He had arrived in Everlund to carry out the funerary rights of the murder victim Albrecht and his family.  Durring his stay he was told of Albrecht's strange story and the rumors of the presence of Undead in the Valley of the Shrines.  He decided to offer his aid to the priests of Helm should the rumors of the undead infestation in the valley of the shrines be true.  He visited the Keep of Vigilance and the Abbot General told him the following:  “The shrines were abandoned in Helms sorrow over the loss of his lover during the Dawn Cataclysm.  Indeed that is why the shrines were built, as a celebration of that love.  The shrines are forsaken by Helm and of no concern of yours.  Not since the time of Abysthor and his heretical followers has any of this order stepped foot in that vale."  When he suggested that the Abbot General send someone to investigate the rumors the Abbot seemed to become irate.  "It was Helm’s will they be left alone, become of them what may!  And I warn you Cleric- ignoring Helm’s will is a sure way to invite death from the priests of Helm!  And even if the rumors were true, we would not need help from a servant of an upstart god such as Kelemvor!  Gaurds!  This man has blasphemed Helm in his house!  Throw out this excuse for a Cleric!  Be glad servant of Kelemvor that exile from this keep is your only punishment!”  Upon being thrown out of the Keep, Morcan noticed two men running from a crowd as he walked down the streets of Everlund.  Summing up, the men (a tall barbarian from the north and a short grey clad Calimshan man) directed him to “Run with us if you know whats good for you!”  Apparently they were running from a crowd of angry wedding goers.  The one in gray claiming that he did not know that the fair damsel he had been caught with was the bride to be, and that he was sure the crowd was angry about the table the tall one turned over at the first sign of an inquisition.  They told the Cleric the best place for him to hide would be one of these barrels.  Upon closing the top of the barrel, Morcan found himself in a barrel in the sunless citadel.  

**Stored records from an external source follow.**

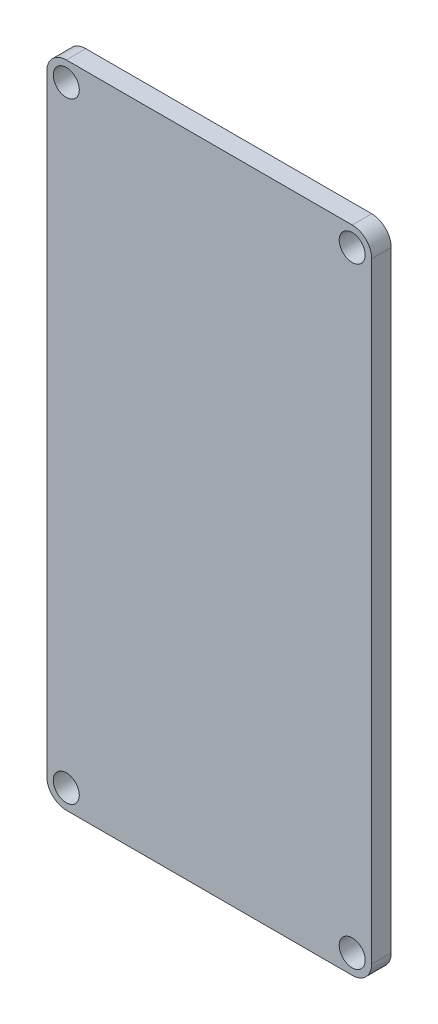
SolidWorks part; units mm, degrees
ref_plane "Front Plane" through (0, 0, 0) normal (0, 0, 1) x (1, 0, 0)
ref_plane "Top Plane" through (0, 0, 0) normal (0, 1, 0) x (1, 0, 0)
ref_plane "Right Plane" through (0, 0, 0) normal (1, 0, 0) x (0, 0, -1)
sketch "Sketch1" plane through (0, 0, 0) normal (0, 0, 1) x (1, 0, 0)
  line L1 (-22.007, -50.0002) -> (21.993, -50.0002)
  line L2 (-25.007, -47.0002) -> (-25.007, 46.9998)
  line L3 (-22.007, 49.9998) -> (21.993, 49.9998)
  line L4 (24.993, -47.0002) -> (24.993, 46.9998)
  line L5 (-25.007, -50.0002) -> (24.993, 49.9998) construction
  line L6 (-25.007, 49.9998) -> (24.993, -50.0002) construction
  line L7 (-22.007, -47.0002) -> (21.993, -47.0002)
  line L8 (-22.007, -47.0002) -> (-22.007, 46.9998)
  line L9 (-22.007, 46.9998) -> (21.993, 46.9998)
  line L10 (21.993, -47.0002) -> (21.993, 46.9998)
  line L11 (-22.007, -47.0002) -> (21.993, 46.9998) construction
  line L12 (-22.007, 46.9998) -> (21.993, -47.0002) construction
  arc A0 (-22.007, -50.0002) -> (-25.007, -47.0002) centre (-22.007, -47.0002) cw
  arc A1 (21.993, -50.0002) -> (24.993, -47.0002) centre (21.993, -47.0002) ccw
  arc A2 (21.993, 49.9998) -> (24.993, 46.9998) centre (21.993, 46.9998) cw
  arc A3 (-25.007, 46.9998) -> (-22.007, 49.9998) centre (-22.007, 46.9998) cw
  circle A4 centre (-22.007, 46.9998) radius 2
  circle A5 centre (21.993, 46.9998) radius 2
  circle A6 centre (21.993, -47.0002) radius 2
  circle A7 centre (-22.007, -47.0002) radius 2
  circle A8 centre (-22.007, 46.9998) radius 3
  circle A9 centre (21.993, 46.9998) radius 3
  circle A10 centre (21.993, -47.0002) radius 3
  circle A11 centre (-22.007, -47.0002) radius 3
  point P0 (-0.007, -0.0002)
  point P26 (-0.007, -0.0002)
  dimension "D3" = 3
  dimension "D4" = 4
  dimension "D1" = 100
  dimension "D2" = 50
extrude "Boss-Extrude1" add sketch "Sketch1" along normal blind 3 contours A9 L3 A8 L9 | L9 A8 A3 L8 A4 | A11 L7 A10 L10 A9 L9 A8 L8 | L8 A8 L9 A4 | A11 L8 A8 L2 | A2 A9 L9 A5 L10 | A10 L4 A9 L10 | L9 A9 L10 A5 | A1 A10 L10 A6 L7 | L10 A10 L7 A6 | A11 L1 A10 L7 | L8 A11 A0 L7 A7 | L7 A11 L8 A7
sketch "Sketch2" plane through (0, 0, 0) normal (0, 0, -1) x (-1, 0, 0)
  line L0 (12.5987, -31.1646) -> (12.5987, -29.7948)
  line L1 (-5.2662, 18.7244) -> (-4.8032, 18.2359)
  line L2 (12.5987, -29.7948) -> (20.007, -29.7948)
  line L3 (20.007, -29.7948) -> (20.007, -30.4596)
  line L4 (20.007, -30.4596) -> (13.3585, -30.4596)
  line L5 (13.3585, -30.4596) -> (13.3585, -31.5994)
  line L6 (13.3585, -31.5994) -> (12.5987, -31.1646)
  line L7 (14.8782, -11.6729) -> (14.8782, -12.3377)
  line L8 (17.2705, -9.1812) -> (19.2472, -11.0347)
  line L9 (19.2472, -11.0347) -> (19.2472, -7.5888)
  line L10 (19.2472, -7.5888) -> (20.007, -7.5888)
  line L11 (20.007, -7.5888) -> (20.007, -12.6227)
  line L12 (20.007, -12.6227) -> (16.941, -9.7496)
  line L13 (14.3083, 8.4436) -> (14.3083, 7.7787)
  line L14 (18.0125, 7.4938) -> (18.0125, 8.1587)
  line L15 (16.3029, 9.5833) -> (15.543, 9.5833)
  line L16 (12.4087, 31.6543) -> (12.4087, 31.7893)
  line L17 (12.4087, 31.7893) -> (17.5376, 31.7893)
  line L18 (17.5376, 31.7893) -> (17.5376, 32.6442)
  line L19 (17.5376, 32.6442) -> (18.2974, 32.6442)
  line L20 (18.2974, 32.6442) -> (18.2974, 31.7893)
  line L21 (18.2974, 31.7893) -> (20.007, 31.7893)
  line L22 (20.007, 31.7893) -> (20.007, 31.1245)
  line L23 (20.007, 31.1245) -> (18.2974, 31.1245)
  line L24 (18.2974, 31.1245) -> (18.2974, 27.6103)
  line L25 (18.2974, 27.6103) -> (12.4087, 31.6543)
  line L26 (17.5376, 31.1245) -> (14.3232, 31.1245)
  line L27 (14.3232, 31.1245) -> (17.5376, 28.9177)
  line L28 (17.5376, 28.9177) -> (17.5376, 31.1245)
  line L72 (-2.4423, 18.5615) -> (-2.4423, 16.4449)
  line L73 (-2.4423, 16.4449) -> (-3.0936, 16.4449)
  line L74 (-3.0936, 16.4449) -> (-3.0936, 19.1314)
  line L75 (-6.35, 1.0583) -> (-6.35, 1.6282)
  line L76 (-6.35, 1.6282) -> (-0.6513, 1.6282)
  line L77 (-0.6513, 1.6282) -> (-0.6513, 4.0705)
  line L78 (-0.6513, 4.0705) -> (0, 4.0705)
  line L79 (0, 4.0705) -> (0, 1.0583)
  line L80 (0, 1.0583) -> (-6.35, 1.0583)
  line L81 (-6.35, -2.8494) -> (0, 0.0814)
  line L82 (0, 0.0814) -> (0, -0.5381)
  line L83 (0, -0.5381) -> (-2.0353, -1.4768)
  line L84 (-2.0353, -1.4768) -> (-2.0353, -4.3554)
  line L85 (-2.0353, -4.3554) -> (0, -5.3197)
  line L86 (0, -5.3197) -> (0, -5.9429)
  line L87 (0, -5.9429) -> (-6.35, -2.9308)
  line L88 (-6.35, -2.9308) -> (-6.35, -2.8494)
  line L89 (-5.111, -2.8964) -> (-2.6865, -4.0451)
  line L90 (-2.6865, -4.0451) -> (-2.6865, -1.777)
  line L91 (-2.6865, -1.777) -> (-5.111, -2.8964)
  line L92 (0, -11.9673) -> (-6.35, -11.9673)
  line L93 (-6.35, -11.9673) -> (-6.35, -11.8477)
  line L94 (-6.35, -11.8477) -> (-1.3522, -7.6526)
  line L95 (-1.3522, -7.6526) -> (-6.35, -7.6526)
  line L96 (-6.35, -7.6526) -> (-6.35, -7.0827)
  line L97 (-6.35, -7.0827) -> (0, -7.0827)
  line L98 (0, -7.0827) -> (0, -7.2124)
  line L99 (0, -7.2124) -> (-4.9864, -11.3974)
  line L100 (-4.9864, -11.3974) -> (0, -11.3974)
  line L101 (0, -11.3974) -> (0, -11.9673)
  line L102 (-6.35, -15.875) -> (0, -12.9442)
  line L103 (0, -12.9442) -> (0, -13.5637)
  line L104 (0, -13.5637) -> (-2.0353, -14.5025)
  line L105 (-2.0353, -14.5025) -> (-2.0353, -17.3811)
  line L106 (-2.0353, -17.3811) -> (0, -18.3453)
  line L107 (0, -18.3453) -> (0, -18.9686)
  line L108 (0, -18.9686) -> (-6.35, -15.9564)
  line L109 (-6.35, -15.9564) -> (-6.35, -15.875)
  line L110 (-5.111, -15.9221) -> (-2.6865, -17.0707)
  line L111 (-2.6865, -17.0707) -> (-2.6865, -14.8027)
  line L112 (-2.6865, -14.8027) -> (-5.111, -15.9221)
  spline S0 degree 3 poles (14.8782, -12.3377) (14.7048, -12.3335) (14.4502, -12.3057) (14.1228, -12.2279) (13.8944, -12.1474) (13.6772, -12.0472) (13.4719, -11.9272) (13.2793, -11.7849) (13.1012, -11.6236) (12.9378, -11.4484) (12.7967, -11.2594) (12.6775, -11.0608) (12.5778, -10.8531) (12.5031, -10.6341) (12.4277, -10.3253) (12.4084, -10.0842) (12.4087, -9.9217) knots 0 0 0 0 0.135103 0.198979 0.261904 0.323495 0.385195 0.446969 0.509765 0.572251 0.633405 0.693251 0.752583 0.812579 0.873275 1 1 1 1
  spline S1 degree 3 poles (12.4087, -9.9217) (12.4082, -9.7621) (12.4286, -9.5273) (12.4962, -9.2257) (12.5695, -9.0167) (12.6616, -8.8186) (12.7761, -8.6341) (12.9076, -8.4586) (13.0627, -8.3007) (13.2282, -8.1557) (13.4049, -8.0306) (13.5877, -7.923) (13.7779, -7.8349) (13.9762, -7.7681) (14.252, -7.7011) (14.4671, -7.6856) (14.6111, -7.6838) knots 0 0 0 0 0.136525 0.200801 0.263983 0.325711 0.387271 0.449493 0.512955 0.576266 0.637575 0.697901 0.757558 0.816588 0.876646 1 1 1 1
  spline S2 degree 3 poles (14.6111, -7.6838) (14.8157, -7.6829) (15.1211, -7.7226) (15.5107, -7.8502) (15.7452, -7.965) (15.9345, -8.079) (16.0901, -8.1824) (16.2569, -8.3044) (16.437, -8.4439) (16.6273, -8.6038) (16.9124, -8.8449) (17.1232, -9.045) (17.2705, -9.1812) knots 0 0 0 0 0.195649 0.292388 0.391297 0.444816 0.503919 0.570035 0.642593 0.721961 0.807944 1 1 1 1
  spline S3 degree 3 poles (16.941, -9.7496) (16.8011, -9.6149) (16.5982, -9.4228) (16.333, -9.1845) (16.1582, -9.0321) (15.996, -8.9012) (15.8516, -8.7851) (15.7188, -8.692) (15.5648, -8.591) (15.3768, -8.4933) (15.0715, -8.3809) (14.8301, -8.3485) (14.6704, -8.3486) knots 0 0 0 0 0.212829 0.306101 0.390647 0.466924 0.534481 0.593587 0.644557 0.7362 0.825024 1 1 1 1
  spline S4 degree 3 poles (14.6704, -8.3486) (14.5708, -8.3481) (14.4232, -8.3634) (14.2333, -8.4114) (14.0971, -8.4621) (13.9671, -8.529) (13.843, -8.6104) (13.723, -8.7044) (13.6105, -8.8131) (13.5074, -8.9325) (13.4161, -9.0586) (13.3398, -9.1921) (13.2773, -9.3323) (13.2283, -9.4788) (13.182, -9.6863) (13.169, -9.847) (13.1686, -9.9558) knots 0 0 0 0 0.122122 0.180988 0.239933 0.299906 0.359989 0.421776 0.486576 0.551535 0.615018 0.677259 0.73973 0.80305 0.866495 1 1 1 1
  spline S5 degree 3 poles (13.1686, -9.9558) (13.1687, -10.0697) (13.1826, -10.2375) (13.2273, -10.4545) (13.2793, -10.6057) (13.3409, -10.7512) (13.419, -10.8878) (13.5098, -11.018) (13.6151, -11.1395) (13.7335, -11.2505) (13.8639, -11.3493) (14.0054, -11.4351) (14.1575, -11.5101) (14.3217, -11.5709) (14.5613, -11.6347) (14.7493, -11.6637) (14.8782, -11.6729) knots 0 0 0 0 0.12653 0.186744 0.245898 0.304053 0.362196 0.420655 0.480331 0.540663 0.600744 0.661982 0.72448 0.789067 0.856333 1 1 1 1
  spline S6 degree 3 poles (14.3083, 7.7787) (14.1614, 7.8098) (13.9507, 7.8762) (13.6826, 7.9855) (13.5003, 8.0815) (13.3293, 8.1863) (13.1733, 8.3064) (13.0285, 8.4361) (12.9, 8.5797) (12.7837, 8.7303) (12.6844, 8.8899) (12.5991, 9.0555) (12.5288, 9.2281) (12.4759, 9.4083) (12.4237, 9.6594) (12.4078, 9.8533) (12.4087, 9.984) knots 0 0 0 0 0.141977 0.208985 0.273957 0.336889 0.398745 0.460116 0.520825 0.580994 0.640152 0.698622 0.757271 0.816427 0.876254 1 1 1 1
  spline S7 degree 3 poles (12.4087, 9.984) (12.4077, 10.1753) (12.4411, 10.4605) (12.5537, 10.824) (12.6689, 11.082) (12.8111, 11.3217) (12.9804, 11.5349) (13.1734, 11.7188) (13.3866, 11.8731) (13.6145, 11.9938) (13.9253, 12.1125) (14.1712, 12.1472) (14.3335, 12.1478) knots 0 0 0 0 0.17854 0.266093 0.354631 0.441886 0.525747 0.608114 0.690197 0.770821 0.848326 1 1 1 1
  spline S8 degree 3 poles (14.3335, 12.1478) (14.4865, 12.1475) (14.7143, 12.1243) (14.9998, 12.0306) (15.1988, 11.9353) (15.3844, 11.8118) (15.621, 11.6076) (15.7693, 11.4187) (15.8577, 11.2826) knots 0 0 0 0 0.250608 0.37063 0.490072 0.610375 0.734313 1 1 1 1
  spline S9 degree 3 poles (15.8577, 11.2826) (15.9265, 11.4421) (16.107, 11.7383) (16.3519, 11.9841) (16.4899, 12.0854) knots 0 0 0 0 0.503896 1 1 1 1
  spline S10 degree 3 poles (16.4899, 12.0854) (16.5843, 12.1596) (16.7369, 12.2522) (16.9485, 12.3582) (17.1118, 12.42) (17.2792, 12.4677) (17.5097, 12.5138) (17.687, 12.527) (17.8062, 12.5277) knots 0 0 0 0 0.254173 0.378112 0.501712 0.623986 0.747096 1 1 1 1
  spline S11 degree 3 poles (17.8062, 12.5277) (18.0134, 12.5293) (18.3248, 12.4838) (18.7216, 12.3434) (19.0077, 12.1946) (19.275, 12.0121) (19.516, 11.7975) (19.7199, 11.5476) (19.8923, 11.2714) (20.0288, 10.971) (20.1624, 10.5384) (20.1965, 10.1954) (20.197, 9.9647) knots 0 0 0 0 0.158908 0.239599 0.322582 0.406 0.487843 0.569676 0.65302 0.737412 0.822558 1 1 1 1
  spline S12 degree 3 poles (20.197, 9.9647) (20.1951, 9.8092) (20.1835, 9.5781) (20.121, 9.2822) (20.0633, 9.0727) (19.9834, 8.875) (19.8881, 8.6865) (19.7751, 8.5079) (19.644, 8.3402) (19.4974, 8.1837) (19.3326, 8.0423) (19.1529, 7.9145) (18.9565, 7.8011) (18.744, 7.7016) (18.431, 7.5873) (18.1836, 7.5239) (18.0125, 7.4938) knots 0 0 0 0 0.128956 0.190367 0.249965 0.308569 0.366415 0.424556 0.483181 0.542251 0.601744 0.662508 0.7245 0.789139 0.856354 1 1 1 1
  spline S13 degree 3 poles (18.0125, 8.1587) (18.1234, 8.1919) (18.2857, 8.2427) (18.4865, 8.3324) (18.6207, 8.4024) (18.7439, 8.4761) (18.8866, 8.5833) (18.9829, 8.6724) (19.0365, 8.7389) knots 0 0 0 0 0.291316 0.425966 0.55216 0.671527 0.786122 1 1 1 1
  spline S14 degree 3 poles (19.0365, 8.7389) (19.1023, 8.8201) (19.191, 8.951) (19.2838, 9.1406) (19.3407, 9.2916) (19.3833, 9.4513) (19.4254, 9.6794) (19.4382, 9.8565) (19.4372, 9.9766) knots 0 0 0 0 0.236156 0.35563 0.476249 0.600164 0.728633 1 1 1 1
  spline S15 degree 3 poles (19.4372, 9.9766) (19.4379, 10.1122) (19.4225, 10.3111) (19.3757, 10.5675) (19.323, 10.744) (19.2578, 10.9111) (19.176, 11.0664) (19.08, 11.212) (18.971, 11.346) (18.8515, 11.4666) (18.7266, 11.5727) (18.5968, 11.6629) (18.4612, 11.7357) (18.3205, 11.7931) (18.1246, 11.846) (17.9725, 11.8649) (17.87, 11.8628) knots 0 0 0 0 0.148752 0.218403 0.28576 0.350598 0.414964 0.478069 0.541761 0.60435 0.664075 0.721464 0.777587 0.832644 0.887844 1 1 1 1
  spline S16 degree 3 poles (17.87, 11.8628) (17.7325, 11.8621) (17.5245, 11.8311) (17.2653, 11.7221) (17.0798, 11.61) (16.91, 11.4701) (16.7574, 11.3092) (16.6316, 11.1228) (16.5446, 10.9513) (16.4853, 10.7994) (16.4457, 10.6694) (16.4123, 10.5239) (16.3811, 10.3645) (16.3546, 10.1902) (16.324, 9.9288) (16.31, 9.7245) (16.3029, 9.5833) knots 0 0 0 0 0.13348 0.201027 0.271634 0.342905 0.413859 0.485996 0.560246 0.599899 0.644068 0.691904 0.744697 0.801499 0.862863 1 1 1 1
  spline S17 degree 3 poles (15.543, 9.5833) (15.5437, 9.7627) (15.5238, 10.0275) (15.4499, 10.3673) (15.3727, 10.6013) (15.2817, 10.8142) (15.1765, 10.9997) (15.0575, 11.1528) (14.9269, 11.2752) (14.7876, 11.3681) (14.5934, 11.4575) (14.4351, 11.4822) (14.3306, 11.4829) knots 0 0 0 0 0.215729 0.318104 0.417658 0.511742 0.59626 0.673405 0.744145 0.810662 0.874049 1 1 1 1
  spline S18 degree 3 poles (14.3306, 11.4829) (14.2535, 11.4848) (14.1392, 11.4692) (13.9927, 11.4258) (13.888, 11.3793) (13.7879, 11.3189) (13.6911, 11.2461) (13.5989, 11.1588) (13.5109, 11.061) (13.4309, 10.9527) (13.3608, 10.8364) (13.3014, 10.7127) (13.2522, 10.5822) (13.2153, 10.4444) (13.1791, 10.2483) (13.1691, 10.0961) (13.1686, 9.9929) knots 0 0 0 0 0.109958 0.163912 0.218089 0.273309 0.330914 0.390994 0.454641 0.518898 0.583342 0.648543 0.715053 0.782519 0.852334 1 1 1 1
  spline S19 degree 3 poles (13.1686, 9.9929) (13.1682, 9.8284) (13.1982, 9.5858) (13.3081, 9.2855) (13.404, 9.1167) (13.4987, 8.9921) (13.5814, 8.903) (13.6734, 8.8156) (13.7802, 8.7354) (13.8946, 8.6545) (14.0701, 8.5531) (14.2101, 8.4854) (14.3083, 8.4436) knots 0 0 0 0 0.239685 0.351816 0.463766 0.520818 0.579448 0.640604 0.705298 0.773634 0.844669 1 1 1 1
  spline S20 degree 3 poles (-4.8032, 18.2359) (-4.9719, 18.0656) (-5.2, 17.7912) (-5.4478, 17.3912) (-5.5967, 17.0833) (-5.7132, 16.7717) (-5.8253, 16.3651) (-5.8622, 16.0557) (-5.8615, 15.8521) knots 0 0 0 0 0.269021 0.398733 0.527306 0.652311 0.771699 1 1 1 1
  spline S21 degree 3 poles (-5.8615, 15.8521) (-5.8631, 15.7291) (-5.8497, 15.5459) (-5.8126, 15.3045) (-5.7729, 15.1261) (-5.7224, 14.9496) (-5.6593, 14.7757) (-5.5857, 14.6039) (-5.5007, 14.436) (-5.4073, 14.2731) (-5.3038, 14.1194) (-5.1935, 13.9736) (-5.0736, 13.8388) (-4.9454, 13.7138) (-4.8111, 13.5965) (-4.668, 13.489) (-4.5168, 13.3932) (-4.361, 13.3067) (-4.202, 13.232) (-4.041, 13.167) (-3.8771, 13.1175) (-3.7118, 13.0756) (-3.4878, 13.0365) (-3.3169, 13.0271) (-3.203, 13.0256) knots 0 0 0 0 0.085568 0.127714 0.170062 0.212779 0.255472 0.298866 0.342848 0.386513 0.429516 0.471868 0.51371 0.555061 0.596513 0.637859 0.67956 0.721068 0.76189 0.801925 0.841812 0.881065 0.920636 1 1 1 1
  spline S22 degree 3 poles (-3.203, 13.0256) (-3.0862, 13.027) (-2.9106, 13.0362) (-2.6811, 13.0799) (-2.5115, 13.123) (-2.3439, 13.178) (-2.1785, 13.2454) (-2.0153, 13.3258) (-1.8559, 13.4187) (-1.7008, 13.5212) (-1.5535, 13.634) (-1.4156, 13.7571) (-1.2853, 13.8885) (-1.1632, 14.0292) (-1.0509, 14.1807) (-0.9467, 14.3407) (-0.8516, 14.5094) (-0.7667, 14.6851) (-0.6911, 14.8651) (-0.629, 15.0503) (-0.5783, 15.2394) (-0.5368, 15.4324) (-0.5006, 15.6979) (-0.4866, 15.8996) (-0.4885, 16.0353) knots 0 0 0 0 0.077886 0.116658 0.155425 0.194361 0.234007 0.274295 0.315417 0.356772 0.398061 0.438867 0.479803 0.521246 0.562815 0.605269 0.648388 0.691709 0.735134 0.778356 0.821651 0.865516 0.909726 1 1 1 1
  spline S23 degree 3 poles (-0.4885, 16.0353) (-0.4886, 16.1969) (-0.505, 16.4358) (-0.561, 16.7452) (-0.6212, 16.9633) (-0.6976, 17.1721) (-0.792, 17.3708) (-0.9034, 17.56) (-1.0297, 17.7387) (-1.1704, 17.9029) (-1.3209, 18.0523) (-1.4831, 18.1818) (-1.6545, 18.2953) (-1.837, 18.389) (-2.096, 18.493) (-2.3021, 18.5405) (-2.4423, 18.5615) knots 0 0 0 0 0.138708 0.204939 0.269469 0.332671 0.395498 0.457967 0.520867 0.583068 0.643278 0.702549 0.760882 0.819471 0.878256 1 1 1 1
  spline S24 degree 3 poles (-3.0936, 19.1314) (-2.8562, 19.1299) (-2.5071, 19.1051) (-2.0609, 19.0111) (-1.7525, 18.9174) (-1.4635, 18.7961) (-1.1935, 18.6485) (-0.9442, 18.4722) (-0.7137, 18.2735) (-0.5081, 18.0505) (-0.3274, 17.8093) (-0.1752, 17.5494) (-0.0513, 17.271) (0.0452, 16.9752) (0.139, 16.5474) (0.1619, 16.2129) (0.1628, 15.9857) knots 0 0 0 0 0.139493 0.204635 0.267406 0.328446 0.388397 0.447734 0.507392 0.566768 0.625478 0.684067 0.743248 0.804033 0.866499 1 1 1 1
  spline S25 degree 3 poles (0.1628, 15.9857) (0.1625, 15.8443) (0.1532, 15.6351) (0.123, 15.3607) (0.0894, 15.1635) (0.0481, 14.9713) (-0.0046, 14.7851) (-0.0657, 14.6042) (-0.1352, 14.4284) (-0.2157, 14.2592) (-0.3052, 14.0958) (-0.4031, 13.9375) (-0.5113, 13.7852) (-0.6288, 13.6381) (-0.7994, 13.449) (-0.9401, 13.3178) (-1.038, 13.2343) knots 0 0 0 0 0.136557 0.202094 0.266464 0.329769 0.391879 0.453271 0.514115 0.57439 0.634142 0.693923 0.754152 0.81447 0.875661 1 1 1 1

Kurm, after taking some berings, found himself in what he was sure was the neverwinter wood.  This was bad news, even for an Orc.  So Kurm began to correct the situation.  His whereabouts are unknown to the rest of the party.

With Meepo’s help, they cut a deal with the queen of the Kobolds.  They would recover the White Dragon Mascot Calcryx in exchange for free passage in the Kobold area of the Citadel.   A punitive strike was launched.  Cleaning out a room of some undead, they found even more interesting treasure, namely several statuettes that linked together head to toe to form a circle and a glass whistle.  Tracking down the dead body of one of the missing paladin’s crew in a giant rat’s nest, the party recovered the dragon and laid waste to the goblin half of the citadel, ultimately killing their king, and taking his stuff (some cool treasure).  They returned the dragon to the kobolds.  Deciding to return to Everlund to heal, rest and train, they left the sled and the equipment hidden in the small woods near the rift.  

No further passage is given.